No difference found in pregnancy rates for women using either the LNG-20 intrauterine system (IUS) or intra-uterine device (IUD) for contraception

Reversible methods of contraception include the use of a system or device placed inside the uterus. The IUD is a copper device inserted into the uterus to prevent pregnancy. The intrauterine system (IUS) contains hormones that will be gradually released and provide effective contraception until removed.

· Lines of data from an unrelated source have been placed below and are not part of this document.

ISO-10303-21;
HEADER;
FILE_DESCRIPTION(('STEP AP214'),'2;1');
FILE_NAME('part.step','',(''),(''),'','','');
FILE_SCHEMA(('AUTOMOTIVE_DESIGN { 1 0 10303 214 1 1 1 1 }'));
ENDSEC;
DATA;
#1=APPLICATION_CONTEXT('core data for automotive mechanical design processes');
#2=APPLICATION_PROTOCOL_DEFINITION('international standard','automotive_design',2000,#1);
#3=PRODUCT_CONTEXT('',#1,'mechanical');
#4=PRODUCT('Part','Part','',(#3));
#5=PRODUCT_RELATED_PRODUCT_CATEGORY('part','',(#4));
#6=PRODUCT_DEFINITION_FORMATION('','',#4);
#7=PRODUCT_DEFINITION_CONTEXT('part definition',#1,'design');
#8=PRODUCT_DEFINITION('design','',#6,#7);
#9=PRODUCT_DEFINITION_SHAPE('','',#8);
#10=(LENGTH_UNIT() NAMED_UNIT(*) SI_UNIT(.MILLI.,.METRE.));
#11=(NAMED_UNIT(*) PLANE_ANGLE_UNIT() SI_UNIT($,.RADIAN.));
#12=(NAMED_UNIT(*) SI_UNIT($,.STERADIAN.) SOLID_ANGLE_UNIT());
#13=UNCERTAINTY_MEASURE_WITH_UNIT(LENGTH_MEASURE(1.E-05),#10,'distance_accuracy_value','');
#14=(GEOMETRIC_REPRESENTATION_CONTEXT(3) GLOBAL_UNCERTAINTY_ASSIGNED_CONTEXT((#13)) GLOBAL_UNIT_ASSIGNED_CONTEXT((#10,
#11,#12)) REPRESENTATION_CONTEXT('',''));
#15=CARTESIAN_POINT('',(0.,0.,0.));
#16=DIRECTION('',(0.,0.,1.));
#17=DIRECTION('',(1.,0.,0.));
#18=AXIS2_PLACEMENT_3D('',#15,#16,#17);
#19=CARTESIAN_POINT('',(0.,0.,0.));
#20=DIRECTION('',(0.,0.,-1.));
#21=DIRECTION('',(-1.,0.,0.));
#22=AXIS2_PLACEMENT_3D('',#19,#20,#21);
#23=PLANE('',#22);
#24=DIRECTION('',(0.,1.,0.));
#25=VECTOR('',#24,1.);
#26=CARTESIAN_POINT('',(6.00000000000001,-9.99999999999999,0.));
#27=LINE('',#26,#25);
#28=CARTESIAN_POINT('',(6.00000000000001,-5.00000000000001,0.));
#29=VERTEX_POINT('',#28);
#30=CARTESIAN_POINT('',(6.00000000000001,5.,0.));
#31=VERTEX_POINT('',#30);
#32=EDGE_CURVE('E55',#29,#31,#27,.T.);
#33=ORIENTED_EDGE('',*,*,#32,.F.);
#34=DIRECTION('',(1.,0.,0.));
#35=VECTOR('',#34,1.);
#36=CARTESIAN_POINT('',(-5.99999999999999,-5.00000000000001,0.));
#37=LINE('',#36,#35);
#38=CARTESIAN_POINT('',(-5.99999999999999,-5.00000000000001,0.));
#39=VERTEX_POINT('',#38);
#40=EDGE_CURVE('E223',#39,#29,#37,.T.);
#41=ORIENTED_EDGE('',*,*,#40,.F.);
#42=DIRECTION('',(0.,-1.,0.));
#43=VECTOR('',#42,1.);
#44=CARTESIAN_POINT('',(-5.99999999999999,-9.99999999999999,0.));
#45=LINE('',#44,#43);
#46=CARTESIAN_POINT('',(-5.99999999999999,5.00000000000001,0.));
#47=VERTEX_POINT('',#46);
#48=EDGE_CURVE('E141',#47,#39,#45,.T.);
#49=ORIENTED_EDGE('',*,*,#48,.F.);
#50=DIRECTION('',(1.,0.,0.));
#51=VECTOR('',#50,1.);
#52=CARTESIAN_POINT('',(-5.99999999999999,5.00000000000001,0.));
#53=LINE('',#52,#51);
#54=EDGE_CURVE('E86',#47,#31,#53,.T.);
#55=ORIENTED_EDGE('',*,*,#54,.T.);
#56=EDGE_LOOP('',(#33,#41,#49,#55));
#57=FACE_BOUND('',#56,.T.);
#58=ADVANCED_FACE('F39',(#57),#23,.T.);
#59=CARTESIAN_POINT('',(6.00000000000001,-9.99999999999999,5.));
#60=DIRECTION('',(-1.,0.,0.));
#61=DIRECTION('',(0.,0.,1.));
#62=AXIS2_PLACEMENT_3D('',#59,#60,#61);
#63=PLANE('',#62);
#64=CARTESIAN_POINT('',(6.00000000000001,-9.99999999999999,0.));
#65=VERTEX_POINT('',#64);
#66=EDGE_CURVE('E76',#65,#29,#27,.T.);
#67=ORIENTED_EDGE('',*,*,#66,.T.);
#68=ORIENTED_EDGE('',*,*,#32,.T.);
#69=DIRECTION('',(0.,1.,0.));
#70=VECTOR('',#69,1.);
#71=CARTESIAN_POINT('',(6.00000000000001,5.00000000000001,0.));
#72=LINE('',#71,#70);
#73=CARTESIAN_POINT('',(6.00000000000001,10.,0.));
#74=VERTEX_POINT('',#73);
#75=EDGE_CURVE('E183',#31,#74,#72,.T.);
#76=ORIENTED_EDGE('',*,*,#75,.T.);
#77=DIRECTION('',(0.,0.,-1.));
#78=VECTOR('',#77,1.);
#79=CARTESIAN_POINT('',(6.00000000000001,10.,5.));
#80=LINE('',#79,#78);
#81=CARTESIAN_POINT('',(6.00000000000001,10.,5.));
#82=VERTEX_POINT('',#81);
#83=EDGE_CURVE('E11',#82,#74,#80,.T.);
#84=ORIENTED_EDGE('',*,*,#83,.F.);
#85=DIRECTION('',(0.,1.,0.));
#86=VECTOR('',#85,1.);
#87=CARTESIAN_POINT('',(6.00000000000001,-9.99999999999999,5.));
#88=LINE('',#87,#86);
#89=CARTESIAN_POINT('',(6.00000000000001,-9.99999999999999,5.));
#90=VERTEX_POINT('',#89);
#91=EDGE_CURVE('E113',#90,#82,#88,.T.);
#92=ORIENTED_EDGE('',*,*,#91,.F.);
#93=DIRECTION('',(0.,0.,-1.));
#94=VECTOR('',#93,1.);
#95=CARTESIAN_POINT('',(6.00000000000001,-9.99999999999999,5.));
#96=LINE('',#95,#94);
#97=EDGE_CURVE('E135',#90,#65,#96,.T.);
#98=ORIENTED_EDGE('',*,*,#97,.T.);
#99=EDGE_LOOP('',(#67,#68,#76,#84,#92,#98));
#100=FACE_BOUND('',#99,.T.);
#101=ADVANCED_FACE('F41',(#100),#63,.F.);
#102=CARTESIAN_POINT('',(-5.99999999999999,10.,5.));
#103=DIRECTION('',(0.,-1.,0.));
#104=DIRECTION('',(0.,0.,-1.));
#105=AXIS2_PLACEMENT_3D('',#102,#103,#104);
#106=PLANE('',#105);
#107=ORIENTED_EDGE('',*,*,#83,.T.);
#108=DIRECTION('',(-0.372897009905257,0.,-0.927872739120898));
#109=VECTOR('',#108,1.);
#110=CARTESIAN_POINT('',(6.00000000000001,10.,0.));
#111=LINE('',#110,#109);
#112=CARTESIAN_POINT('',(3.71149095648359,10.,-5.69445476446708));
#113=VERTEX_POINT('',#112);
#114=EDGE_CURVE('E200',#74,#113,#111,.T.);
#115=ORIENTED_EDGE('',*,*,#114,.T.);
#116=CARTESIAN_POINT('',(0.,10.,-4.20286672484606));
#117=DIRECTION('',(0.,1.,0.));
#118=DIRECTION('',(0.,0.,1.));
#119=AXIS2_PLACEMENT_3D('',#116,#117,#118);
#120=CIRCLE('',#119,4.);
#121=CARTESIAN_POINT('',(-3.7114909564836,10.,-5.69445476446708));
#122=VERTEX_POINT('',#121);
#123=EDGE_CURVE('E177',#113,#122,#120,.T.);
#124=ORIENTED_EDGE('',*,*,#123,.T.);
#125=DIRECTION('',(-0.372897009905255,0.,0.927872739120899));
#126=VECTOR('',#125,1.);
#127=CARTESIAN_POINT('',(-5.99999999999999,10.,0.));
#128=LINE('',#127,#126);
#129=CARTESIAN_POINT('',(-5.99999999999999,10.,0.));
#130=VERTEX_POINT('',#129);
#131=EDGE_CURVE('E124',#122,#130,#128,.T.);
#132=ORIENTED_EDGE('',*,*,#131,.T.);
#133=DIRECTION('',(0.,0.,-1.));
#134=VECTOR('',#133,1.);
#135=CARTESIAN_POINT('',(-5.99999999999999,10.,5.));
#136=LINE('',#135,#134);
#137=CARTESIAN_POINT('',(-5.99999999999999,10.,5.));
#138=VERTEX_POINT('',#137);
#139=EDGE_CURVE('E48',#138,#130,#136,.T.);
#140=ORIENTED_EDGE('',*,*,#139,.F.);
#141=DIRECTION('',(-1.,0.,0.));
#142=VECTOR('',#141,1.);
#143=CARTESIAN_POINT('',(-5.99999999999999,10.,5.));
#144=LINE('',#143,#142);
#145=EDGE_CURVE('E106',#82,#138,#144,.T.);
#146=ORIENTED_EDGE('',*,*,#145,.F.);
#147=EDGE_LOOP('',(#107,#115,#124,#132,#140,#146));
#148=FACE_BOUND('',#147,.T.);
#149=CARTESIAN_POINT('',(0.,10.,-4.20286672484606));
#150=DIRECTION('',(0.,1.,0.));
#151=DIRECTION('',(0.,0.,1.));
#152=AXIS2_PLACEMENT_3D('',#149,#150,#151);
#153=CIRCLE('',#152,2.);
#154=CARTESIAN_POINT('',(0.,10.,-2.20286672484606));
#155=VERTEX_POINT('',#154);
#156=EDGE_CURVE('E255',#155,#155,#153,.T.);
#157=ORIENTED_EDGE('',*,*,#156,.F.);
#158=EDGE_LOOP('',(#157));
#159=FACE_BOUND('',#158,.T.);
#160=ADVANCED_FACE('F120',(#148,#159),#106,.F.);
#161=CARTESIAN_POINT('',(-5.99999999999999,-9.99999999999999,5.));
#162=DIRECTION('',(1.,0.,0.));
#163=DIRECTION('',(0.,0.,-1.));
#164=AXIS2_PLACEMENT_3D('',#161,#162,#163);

The review of trials compared IUDs to IUSs and found there was no difference in the rate of unplanned pregnancies. The review found that a lack of menstrual bleeding is more likely with IUS use and that IUD use is more likely to cause heavy menstrual bleeding and pain.

Authors' conclusions: 

Evidence suggests there is no difference in pregnancy rates among LNG-20 IUS, IUD >250mm2 and Norplant-2 users. The LNG-20 IUS more effectively prevented intrauterine and extrauterine pregnancies than IUDs ≤250mm2. P4-IUS was significantly more effective than non-medicated IUDs, but no difference was observed when compared to IUDs ≤250mm2. Continuation rates for LNG-20 IUS, non-hormonal IUDs and Norplant-2 were similar. Lack of menstrual bleeding was the main reason for discontinuation of LNG-20 IUS.

Recent evidence, from studies meeting the review inclusion criteria for the update conducted in July 2009, suggests that the LNG-20 IUS does not impact upon breastfeeding performance or the growth and development of breastfed infants in lactating women nor did the device have an adverse effect on glucose metabolism among insulin-dependent diabetic women.

Read the full abstract...

Hormonally impregnated intrauterine systems (IUSs) add a progestogen to a non-medicated contraceptive device to improve contraceptive action.


To assess the contraceptive efficacy, tolerability and acceptability of IUSs versus other reversible contraceptive methods.

Search strategy: 

Searched databases, reference lists and relevant individuals/organisations covering the period from 1972 to July 2009.

Selection criteria: 

Randomised controlled trials (RCTs) comparing IUSs with other reversible contraceptives and reporting on pre-determined outcomes, including pregnancy and continuation rates, in women of reproductive years.

Data collection and analysis: 

Two blinded reviewers independently assessed quality and extracted data on events per women months and single decrement life table rates for pregnancy, continuation, adverse events and reasons for discontinuation. Events per total potential number of women at follow-up were collected for hormonal side effects and menstrual change.

Data were pooled at the same points of follow-up to calculate rate ratios and single decrement life table rate differences. Similar interventions were combined and non-hormonal intrauterine devices (IUDs) were divided into three categories: copper IUDs >250mm2, copper IUDs ≤250mm2, and non-medicated IUDs.

Main results: 

Twenty-five RCTs met the inclusion criteria and nine were included in meta-analyses: four comparing LNG-20 IUSs (Mirena®) with non-hormonal IUDs, one with Norplant-2, one with combined oral contraceptives (COCs) and three comparing P4-IUS (Progestasert®) with non-hormonal IUDs.

No significant difference was observed between LNG-20 and IUD >250mm2 or COC user pregnancy rates.  LNG-20 IUS users were significantly less likely to become pregnant than IUD ≤250mm2 users. LNG-20 IUS users were more likely to experience a lack of menstrual bleeding and device expulsion than IUDs >250mm2 users. LNG-20 users were significantly more likely than all IUD users to discontinue because of the lack of menstrual bleeding. They were significantly more likely to experience lack of and infrequent mentrual bleeding, but significantly less likely to experience prolonged bleeding and spotting than Norplant-2 users.

P4-IUS users were significantly less likely to become pregnant and more likely to discontinue than non-medicated IUD users, but no significant difference was observed for P4-IUS versus IUD ≤250mm2 for these two outcomes. P4-IUS users were less likely to expel the device and more likely to discontinue because of menstrual bleeding and pain than IUDs ≤250mm2 users.